Background PYRAMID was an international post‐marketing registry that aimed to collect data on the long‐term safety and effectiveness of adalimumab treatment per local standard of care in patients with moderately to severely active Crohn's disease (CD). Here, we present post hoc analyses of observational data from patients who became pregnant while participating in this registry and receiving adalimumab. Methods From the subpopulation of patients receiving adalimumab who became pregnant while taking part in PYRAMID, data on patient characteristics, pregnancy outcomes, and complications of pregnancy were analysed retrospectively. Results Across the PYRAMID registry, 293 pregnancies occurred in patients who had gestational adalimumab exposure (average disease duration at last menstrual period: 8.6 years), resulting in 300 pregnancy outcomes. A total of 197 pregnancies (67.2%) were exposed to adalimumab in all trimesters per physician's decision.
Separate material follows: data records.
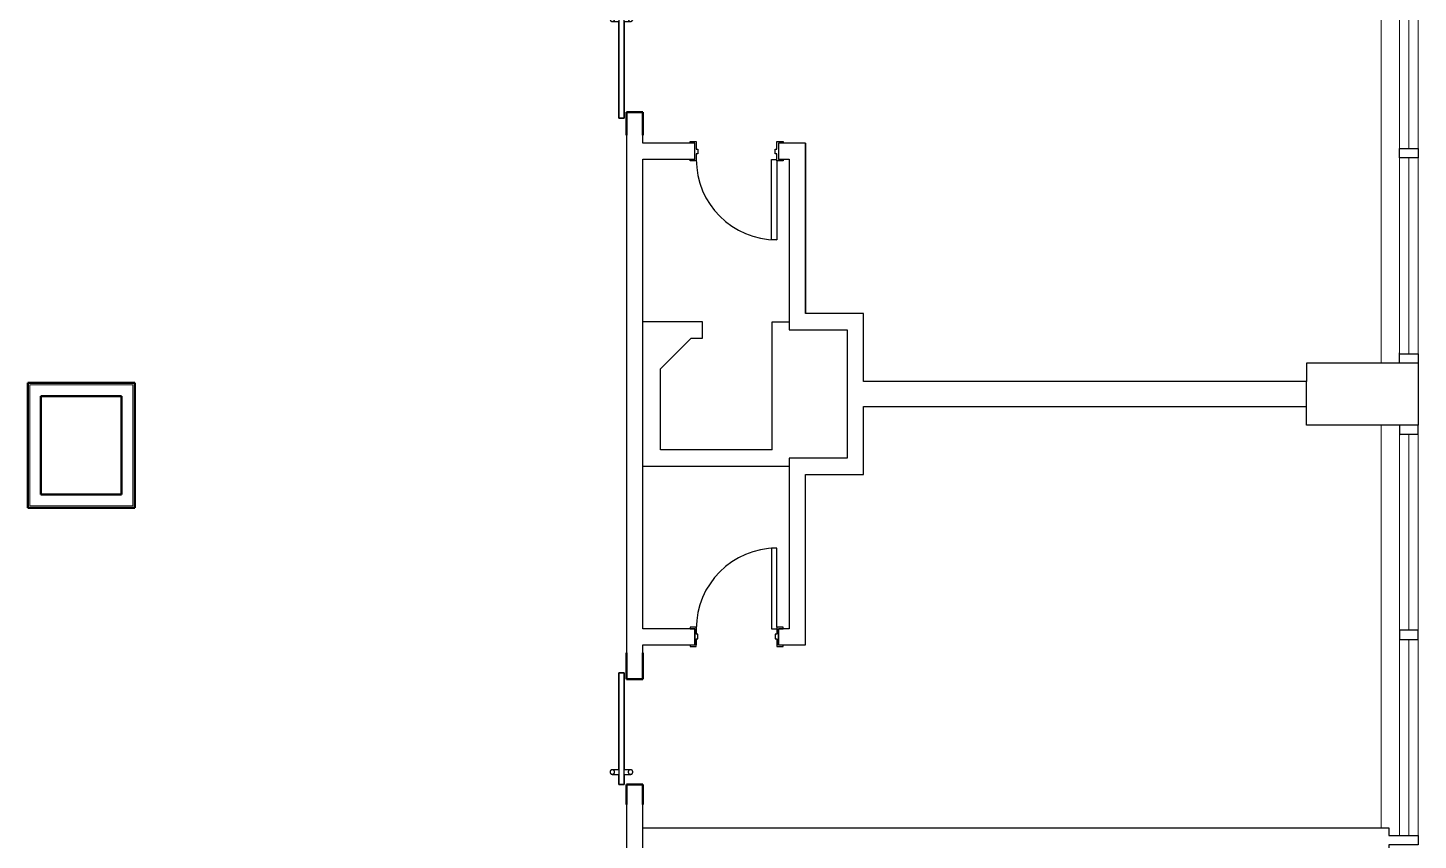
# Model space of a CAD drawing. Header units: inches. Extents: x -1132 to 7533, y -2240 to 4304.
# Drawn here: x 6954.8 to 7403.6, y -1109.5 to -847.3 of the extents above; entities that cross this region are included whole.
import ezdxf

# ---------------------------------------------------------------- set-up
doc = ezdxf.new("R2010")
doc.units = ezdxf.units.IN
doc.header["$LTSCALE"] = 96
doc.header["$MEASUREMENT"] = 0
for name, color, linetype in [('A-DOOR', 2, 'CONTINUOUS'), ('A-GLAZ', 2, 'CONTINUOUS'), ('A-WALL-FULL', 6, 'CONTINUOUS')]:
    doc.layers.add(name, color=color, linetype=linetype)
for name, color, linetype, lineweight in [('A-WALL', 113, 'CONTINUOUS', 18), ('A-WALL-SILL', 250, 'CONTINUOUS', 13), ('I-WALL', 2, 'CONTINUOUS', 18)]:
    doc.layers.add(name, color=color, linetype=linetype, lineweight=lineweight)

# ---------------------------------------------------------------- blocks, each defined once
blk = doc.blocks.new('Interior-Sgl - 2_-2_ x 8_-0_ - Flush-2578068-2ND FLR PLAN - EAST WING')
at = {"layer": 'A-DOOR', "color": 8, "lineweight": 25}
for p, q in [((22.25, 28.63), (22.25, 2.63)), ((24, 28.63), (22.25, 28.63)), ((24, 3.13), (24, 28.63)), ((-2, 3.13), (-4, 3.13)), ((-4, 3.13), (-4, 2.63)), ((-4, 2.63), (-2.5, 2.63)), ((-2.5, 2.63), (-2.5, -2.63)), ((-2, 0.88), (-2, 3.13)), ((-1.5, 0.88), (-2, 0.88)), ((-1.5, -0.62), (-1.5, 0.88)), ((22.25, 2.63), (24, 2.63)), ((24, 0.88), (23.5, 0.88)), ((23.5, 0.88), (23.5, -0.62)), ((26, 3.13), (24, 3.13)), ((24, 3.13), (24, 0.88)), ((24.5, -2.63), (24.5, 2.63)), ((24.5, 2.63), (26, 2.63)), ((26, 2.63), (26, 3.13)), ((-2.5, -2.63), (-4, -2.63)), ((-4, -2.63), (-4, -3.13)), ((-4, -3.13), (-2, -3.13)), ((-2, -3.13), (-2, -0.62)), ((-2, -0.62), (-1.5, -0.62)), ((23.5, -0.62), (24, -0.62)), ((24, -0.62), (24, -3.13)), ((24, -3.13), (26, -3.13)), ((26, -2.63), (24.5, -2.63)), ((26, -3.13), (26, -2.63))]:
    blk.add_line(p, q, dxfattribs=at)
at = {"layer": 'A-DOOR', "color": 55}
blk.add_arc((24, 2.63), 26, 90, 180, dxfattribs=at)
blk = doc.blocks.new('Interior-Sgl - 2_-2_ x 8_-0_ - Flush-2578071-2ND FLR PLAN - EAST WING')
at = {"layer": 'A-DOOR', "color": 8, "lineweight": 25}
for p, q in [((-4, 3.13), (-2, 3.13)), ((-4, 2.63), (-4, 3.13)), ((-2.5, 2.63), (-4, 2.63)), ((-2.5, -2.63), (-2.5, 2.63)), ((-2, 3.13), (-2, 0.62)), ((-2, 0.62), (-1.5, 0.62)), ((-1.5, 0.62), (-1.5, -0.88)), ((23.5, 0.62), (24, 0.62)), ((23.5, -0.88), (23.5, 0.62)), ((24, 3.13), (26, 3.13)), ((24, 0.62), (24, 3.13)), ((26, 2.63), (24.5, 2.63)), ((24.5, 2.63), (24.5, -2.63)), ((26, 3.13), (26, 2.63)), ((-4, -2.63), (-2.5, -2.63)), ((-4, -3.13), (-4, -2.63)), ((-2, -3.13), (-4, -3.13)), ((-2, -0.88), (-2, -3.13)), ((-1.5, -0.88), (-2, -0.88)), ((22.25, -2.63), (24, -2.63)), ((22.25, -28.63), (22.25, -2.63)), ((24, -0.88), (23.5, -0.88)), ((24, -3.13), (24, -0.88)), ((26, -3.13), (24, -3.13)), ((24, -3.13), (24, -28.63)), ((24.5, -2.63), (26, -2.63)), ((26, -2.63), (26, -3.13)), ((24, -28.63), (22.25, -28.63))]:
    blk.add_line(p, q, dxfattribs=at)
at = {"layer": 'A-DOOR', "color": 55}
blk.add_arc((24, -2.63), 26, 180, 270, dxfattribs=at)
blk = doc.blocks.new('Interior-Barn - Flush-3201910-2ND FLR PLAN - EAST WING')
at = {"layer": 'A-DOOR', "lineweight": 35}
for p, q in [((12.25, -3.41), (-19, -3.41)), ((-19, -3.41), (-19, -5.16)), ((17, -3.41), (13.75, -3.41)), ((17, -5.16), (17, -3.41)), ((-19, -5.16), (12.25, -5.16)), ((13.75, -5.16), (17, -5.16))]:
    blk.add_line(p, q, dxfattribs=at)
at = {"layer": 'A-DOOR'}
for p, q in [((12.25, -1.34), (12.25, -3.41)), ((13.75, -3.41), (12.25, -3.41)), ((13.75, -3.41), (13.75, -1.34)), ((12.25, -5.16), (12.25, -7.22)), ((12.25, -5.16), (13.75, -5.16)), ((13.75, -7.22), (13.75, -5.16))]:
    blk.add_line(p, q, dxfattribs=at)
at = {"layer": 'A-DOOR', "flags": 128}
for points in [[(13.75, -1.34), (13.75, -1.31), (13.75, -1.28), (13.74, -1.25), (13.74, -1.22), (13.74, -1.19), (13.73, -1.17), (13.72, -1.14), (13.71, -1.11), (13.7, -1.08), (13.69, -1.05), (13.68, -1.02), (13.67, -1), (13.65, -0.97), (13.64, -0.95), (13.62, -0.92), (13.6, -0.9), (13.58, -0.87), (13.56, -0.85), (13.54, -0.83), (13.52, -0.81), (13.5, -0.79), (13.48, -0.77), (13.45, -0.75), (13.43, -0.73), (13.41, -0.71), (13.38, -0.7), (13.35, -0.68), (13.33, -0.67), (13.3, -0.66), (13.27, -0.64), (13.24, -0.63), (13.22, -0.63), (13.19, -0.62), (13.16, -0.61), (13.13, -0.6), (13.1, -0.6), (13.07, -0.6), (13.04, -0.59), (13.01, -0.59), (12.98, -0.59), (12.95, -0.6), (12.92, -0.6), (12.89, -0.6), (12.86, -0.61), (12.83, -0.61), (12.8, -0.62), (12.77, -0.63), (12.74, -0.64), (12.72, -0.65), (12.69, -0.66), (12.66, -0.67), (12.63, -0.69), (12.61, -0.7), (12.58, -0.72), (12.56, -0.74), (12.53, -0.76), (12.51, -0.77), (12.49, -0.79), (12.47, -0.82), (12.45, -0.84), (12.43, -0.86), (12.41, -0.88), (12.39, -0.91), (12.37, -0.93), (12.36, -0.96), (12.34, -0.98), (12.33, -1.01), (12.32, -1.04), (12.3, -1.06), (12.29, -1.09), (12.28, -1.12), (12.28, -1.15), (12.27, -1.18), (12.26, -1.21), (12.26, -1.24), (12.25, -1.27), (12.25, -1.3), (12.25, -1.33), (12.25, -1.34)], [(12.25, -1.34), (12.25, -1.37), (12.25, -1.4), (12.26, -1.43), (12.26, -1.46), (12.26, -1.49), (12.27, -1.52), (12.28, -1.55), (12.29, -1.58), (12.3, -1.61), (12.31, -1.64), (12.32, -1.66), (12.33, -1.69), (12.35, -1.72), (12.36, -1.74), (12.38, -1.77), (12.4, -1.79), (12.42, -1.82), (12.44, -1.84), (12.46, -1.86), (12.48, -1.88), (12.5, -1.9), (12.52, -1.92), (12.55, -1.94), (12.57, -1.96), (12.59, -1.97), (12.62, -1.99), (12.65, -2.01), (12.67, -2.02), (12.7, -2.03), (12.73, -2.04), (12.76, -2.05), (12.78, -2.06), (12.81, -2.07), (12.84, -2.08), (12.87, -2.08), (12.9, -2.09), (12.93, -2.09), (12.96, -2.09), (12.99, -2.09), (13.02, -2.09), (13.05, -2.09), (13.08, -2.09), (13.11, -2.09), (13.14, -2.08), (13.17, -2.07), (13.2, -2.07), (13.23, -2.06), (13.26, -2.05), (13.28, -2.04), (13.31, -2.03), (13.34, -2.01), (13.37, -2), (13.39, -1.98), (13.42, -1.97), (13.44, -1.95), (13.47, -1.93), (13.49, -1.91), (13.51, -1.89), (13.53, -1.87), (13.55, -1.85), (13.57, -1.83), (13.59, -1.8), (13.61, -1.78), (13.63, -1.76), (13.64, -1.73), (13.66, -1.7), (13.67, -1.68), (13.68, -1.65), (13.7, -1.62), (13.71, -1.59), (13.72, -1.57), (13.72, -1.54), (13.73, -1.51), (13.74, -1.48), (13.74, -1.45), (13.75, -1.42), (13.75, -1.39), (13.75, -1.36), (13.75, -1.34)], [(13.75, -7.22), (13.75, -7.19), (13.75, -7.16), (13.74, -7.13), (13.74, -7.1), (13.74, -7.07), (13.73, -7.04), (13.72, -7.01), (13.71, -6.98), (13.7, -6.95), (13.69, -6.93), (13.68, -6.9), (13.67, -6.87), (13.65, -6.85), (13.64, -6.82), (13.62, -6.8), (13.6, -6.77), (13.58, -6.75), (13.56, -6.72), (13.54, -6.7), (13.52, -6.68), (13.5, -6.66), (13.48, -6.64), (13.45, -6.62), (13.43, -6.6), (13.41, -6.59), (13.38, -6.57), (13.35, -6.56), (13.33, -6.54), (13.3, -6.53), (13.27, -6.52), (13.24, -6.51), (13.22, -6.5), (13.19, -6.49), (13.16, -6.49), (13.13, -6.48), (13.1, -6.48), (13.07, -6.47), (13.04, -6.47), (13.01, -6.47), (12.98, -6.47), (12.95, -6.47), (12.92, -6.47), (12.89, -6.48), (12.86, -6.48), (12.83, -6.49), (12.8, -6.5), (12.77, -6.5), (12.74, -6.51), (12.72, -6.52), (12.69, -6.54), (12.66, -6.55), (12.63, -6.56), (12.61, -6.58), (12.58, -6.6), (12.56, -6.61), (12.53, -6.63), (12.51, -6.65), (12.49, -6.67), (12.47, -6.69), (12.45, -6.71), (12.43, -6.73), (12.41, -6.76), (12.39, -6.78), (12.37, -6.81), (12.36, -6.83), (12.34, -6.86), (12.33, -6.88), (12.32, -6.91), (12.3, -6.94), (12.29, -6.97), (12.28, -7), (12.28, -7.02), (12.27, -7.05), (12.26, -7.08), (12.26, -7.11), (12.25, -7.14), (12.25, -7.17), (12.25, -7.2), (12.25, -7.22)], [(12.25, -7.22), (12.25, -7.25), (12.25, -7.28), (12.26, -7.31), (12.26, -7.34), (12.26, -7.37), (12.27, -7.4), (12.28, -7.43), (12.29, -7.45), (12.3, -7.48), (12.31, -7.51), (12.32, -7.54), (12.33, -7.57), (12.35, -7.59), (12.36, -7.62), (12.38, -7.64), (12.4, -7.67), (12.42, -7.69), (12.44, -7.71), (12.46, -7.74), (12.48, -7.76), (12.5, -7.78), (12.52, -7.8), (12.55, -7.82), (12.57, -7.83), (12.59, -7.85), (12.62, -7.87), (12.65, -7.88), (12.67, -7.89), (12.7, -7.91), (12.73, -7.92), (12.76, -7.93), (12.78, -7.94), (12.81, -7.95), (12.84, -7.95), (12.87, -7.96), (12.9, -7.96), (12.93, -7.97), (12.96, -7.97), (12.99, -7.97), (13.02, -7.97), (13.05, -7.97), (13.08, -7.96), (13.11, -7.96), (13.14, -7.96), (13.17, -7.95), (13.2, -7.94), (13.23, -7.93), (13.26, -7.92), (13.28, -7.91), (13.31, -7.9), (13.34, -7.89), (13.37, -7.87), (13.39, -7.86), (13.42, -7.84), (13.44, -7.83), (13.47, -7.81), (13.49, -7.79), (13.51, -7.77), (13.53, -7.75), (13.55, -7.73), (13.57, -7.7), (13.59, -7.68), (13.61, -7.66), (13.63, -7.63), (13.64, -7.61), (13.66, -7.58), (13.67, -7.55), (13.68, -7.53), (13.7, -7.5), (13.71, -7.47), (13.72, -7.44), (13.72, -7.41), (13.73, -7.38), (13.74, -7.35), (13.74, -7.32), (13.75, -7.29), (13.75, -7.26), (13.75, -7.23), (13.75, -7.22)]]:
    blk.add_lwpolyline(points, dxfattribs=at)
at = {"layer": 'A-DOOR'}
for points, knots in [([(12.25, -1.34), (12.25, -1.38), (12.26, -1.46), (12.28, -1.55), (12.3, -1.62), (12.33, -1.68), (12.35, -1.72), (12.37, -1.75), (12.39, -1.78), (12.41, -1.8), (12.43, -1.84), (12.47, -1.88), (12.51, -1.91), (12.55, -1.94), (12.57, -1.96), (12.6, -1.98), (12.64, -2), (12.7, -2.03), (12.77, -2.06), (12.84, -2.08), (12.91, -2.09), (12.95, -2.09), (12.96, -2.09)], [0, 0, 0, 0, 0.0555556, 0.1111111, 0.1388889, 0.1666667, 0.1944444, 0.2083333, 0.2222222, 0.2361111, 0.25, 0.2777778, 0.3055556, 0.3194444, 0.3333333, 0.3472222, 0.3611111, 0.3888889, 0.4166667, 0.4444444, 0.4722222, 0.4857264, 0.4857264, 0.4857264, 0.4857264]), ([(13.04, -2.09), (13.05, -2.09), (13.09, -2.09), (13.16, -2.08), (13.23, -2.06), (13.3, -2.03), (13.36, -2), (13.4, -1.98), (13.43, -1.96), (13.45, -1.94), (13.49, -1.91), (13.53, -1.88), (13.57, -1.84), (13.59, -1.8), (13.61, -1.78), (13.63, -1.75), (13.65, -1.72), (13.67, -1.68), (13.7, -1.62), (13.72, -1.55), (13.74, -1.46), (13.75, -1.38), (13.75, -1.34)], [0.5127415, 0.5127415, 0.5127415, 0.5127415, 0.5277778, 0.5555556, 0.5833333, 0.6111111, 0.6388889, 0.6527778, 0.6666667, 0.6805556, 0.6944444, 0.7222222, 0.75, 0.7638889, 0.7777778, 0.7916667, 0.8055556, 0.8333333, 0.8611111, 0.8888889, 0.9444444, 1, 1, 1, 1]), ([(13.75, -7.22), (13.75, -7.18), (13.74, -7.11), (13.72, -7.01), (13.7, -6.94), (13.67, -6.89), (13.65, -6.84), (13.63, -6.81), (13.61, -6.78), (13.59, -6.76), (13.57, -6.73), (13.53, -6.69), (13.49, -6.65), (13.45, -6.62), (13.43, -6.6), (13.4, -6.58), (13.36, -6.56), (13.3, -6.53), (13.23, -6.5), (13.16, -6.48), (13.08, -6.47), (13, -6.47), (12.92, -6.47), (12.84, -6.48), (12.77, -6.5), (12.7, -6.53), (12.64, -6.56), (12.6, -6.58), (12.57, -6.6), (12.55, -6.62), (12.51, -6.65), (12.47, -6.69), (12.43, -6.73), (12.41, -6.76), (12.39, -6.78), (12.37, -6.81), (12.35, -6.84), (12.33, -6.89), (12.3, -6.94), (12.28, -7.01), (12.26, -7.11), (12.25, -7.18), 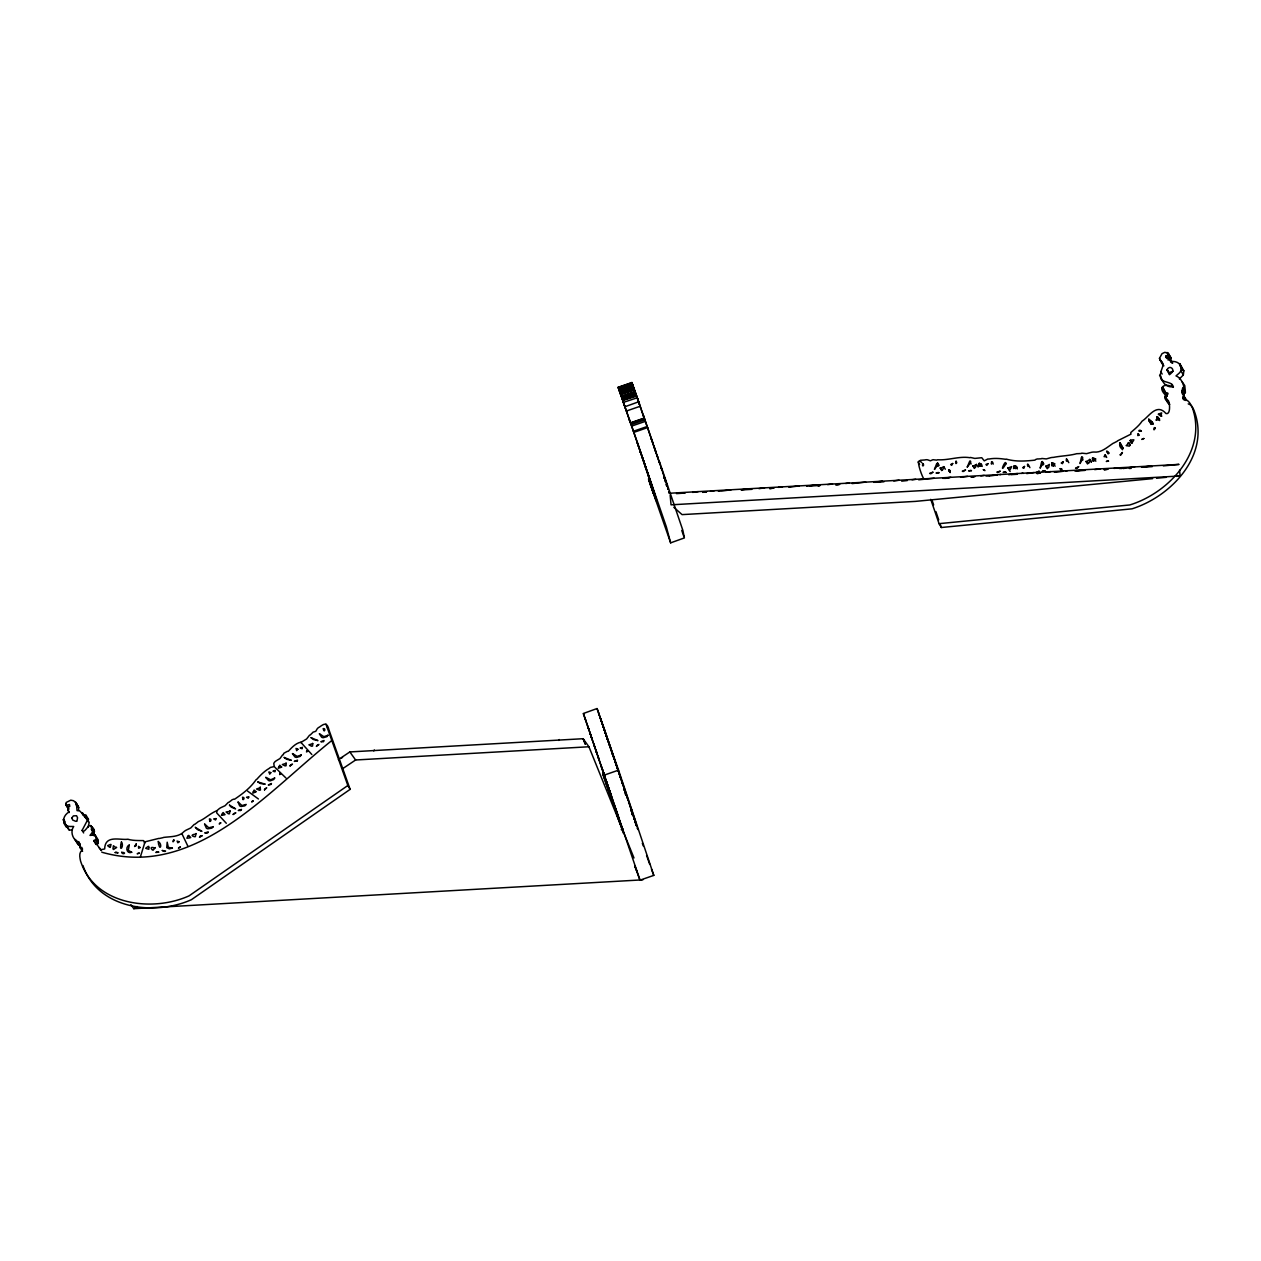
<?xml version="1.0" encoding="UTF-8"?>
<svg xmlns="http://www.w3.org/2000/svg" width="1261" height="1261" viewBox="0 0 1261 1261"><rect width="100%" height="100%" fill="white"/><g stroke="black" fill="none" stroke-linecap="round" stroke-linejoin="round"><path stroke-width="1.5" d="M96.246 844.381L98.311 843.262L95.111 834.955L90.004 835.397L92.762 831.866C90.824 815.962 84.928 835.602 82.123 830.368L87.041 820.99L86.741 817.869L85.165 817.506L86.189 815.426L83.384 814.638L79.664 810.902L77.047 810.618L76.417 803.572L73.642 800.751L70.774 800.168L66.139 802.485L65.95 804.991L68.756 809.042L65.95 804.991M98.311 843.262L97.869 839.511L95.111 834.955M1163.871 365.863L1159.458 358.36L1162.027 353.663L1164.849 352.323L1168.301 353.301L1168.443 354.719L1165.716 356.169L1165.716 357.478L1168.049 357.289L1169.924 360.11M1173.108 387.363C1165.999 382.477 1155.486 386.56 1166.914 396.38L1166.457 393.653M1092.373 458.216L1092.625 460.233A14.533 13.839 -30.7 0 1 1092.515 461.022A51.07 48.58 -30.7 0 0 1094.075 460.249L1095.872 459.036L1093.429 458.027A3.263 3.105 -30.7 0 0 1092.657 458.058L1093.902 461.053M1161.223 372.752C1158.591 375.683 1161.838 375.526 1160.624 377.796C1162.626 383.659 1171.721 380.68 1173.439 386.969M1053.361 463.213L1054.968 463.922L1053.282 465.073A47.823 45.506 -30.7 0 1 1051.816 465.798A13.619 12.957 -30.7 0 0 1051.942 465.057L1051.973 463.023A3.042 2.885 -30.7 0 1 1052.699 462.992L1055.126 466.192M1185.324 398.76A6.904 6.573 -30.7 0 1 1184.047 395.607L1184 394.803C1185.419 389.476 1182.944 378.41 1175.993 375.904C1178.215 373.823 1181.856 371.885 1180.879 368.496C1181.636 363.609 1175.914 360.488 1170.444 361.686L1170.429 359.243L1168.395 357.541M121.466 842.08C124.272 845.69 119.795 852.026 120.741 845.595A2.774 2.648 -30.7 0 0 120.678 844.98L121.482 841.907M80.01 845.753L79.806 847.424L82.611 851.27M82.296 849.615L82.107 851.285M1106.638 451.343C1113.542 457.57 1103.533 446.457 1108.167 453.913M204.566 824.063L206.363 828.13A3.499 3.326 -30.7 0 0 207.892 828.808L211.816 828.146L213.298 826.617M237.998 802.059L239.685 805.842A3.279 3.121 -30.7 0 0 241.119 806.488L244.776 805.874L246.163 804.439L241.923 805.527L238.234 802.138M1148.755 419.204C1148.818 423.775 1156.195 425.792 1151.482 421.442A2.774 2.648 -30.7 0 1 1151.151 420.922L1148.755 419.204L1150.93 422.924M80.01 845.753A6.904 6.573 -30.7 0 0 79.049 842.474L78.592 841.828C72.933 840.457 69.812 831.582 73.721 826.475C70.726 826.333 66.691 827.216 65.383 823.953C61.742 820.596 64.311 814.527 69.229 811.863C67.605 810.524 67.29 806.914 69.765 806.362L69.465 804.518L66.47 805.18M1128.485 442.564L1126.971 445.133A19.435 18.489 -30.7 0 1 1126.136 445.574L1129.367 446.158A8.023 7.629 -30.7 0 0 1129.793 445.291C1131.101 442.895 1125.821 441.035 1130.171 445.165M264.495 789.985L264.574 789.607A5.816 5.533 -30.7 0 1 264.794 789.023L266.717 787.841L264.526 789.764M1185.813 400.478L1186.506 399.926L1183.039 394.898A6.904 6.573 -30.7 0 1 1181.746 391.745L1182.818 387.537M1167.055 370.151L1167.182 369.473C1169.767 364.555 1175.583 369.694 1171.343 373.051A3.704 3.515 -30.7 0 1 1170.271 373.95L1167.055 370.151L1169.546 374.753M1169.357 373.997L1170.886 371.885L1173.14 371.254M1119.847 443.194C1118.68 448.081 1124.292 451.123 1121.565 445.716A2.837 2.695 -30.7 0 1 1121.502 445.259L1119.973 442.926L1122.448 449.736M290.077 766.058L290.188 765.695A5.816 5.533 -30.7 0 1 290.471 765.112L292.473 764.103L290.125 765.853M979.103 463.465L978.946 465.435A15.731 14.974 -30.7 0 1 978.678 466.176A48.091 45.743 -30.7 0 0 980.207 465.624C985.298 464.915 975.084 460.675 980.585 466.286M316.464 746.433L316.59 746.055A6.242 5.942 -30.7 0 1 316.889 745.487L318.923 744.463L316.527 746.228M1181.983 368.496L1180.012 363.641M265.708 777.391L268.546 780.543A3.799 3.625 -30.7 0 0 270.169 780.858L273.716 779.534L274.677 777.911M68.236 808.853L68.441 806.346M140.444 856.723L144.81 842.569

Of the known reported outcomes (96.3%), 81.7% (236/289) were live births, 10.4% (30/289) were spontaneous abortions, 4.8% (14/289) elective terminations, 2.8% (8/289) ectopic pregnancies, and 0.3% (1/289) was a stillbirth. Congenital malformations (pulmonary valve stenosis and tricuspid valve incompetence) were reported in one infant. In addition to the pregnancy outcomes described above, 23 complications of pregnancy were reported in 20 patients. Conclusions This analysis showed that adalimumab treatment in patients with CD, who became pregnant whilst participating in the PYRAMID registry, contributed no additional adverse effects during the pregnancy course or on pregnancy outcomes.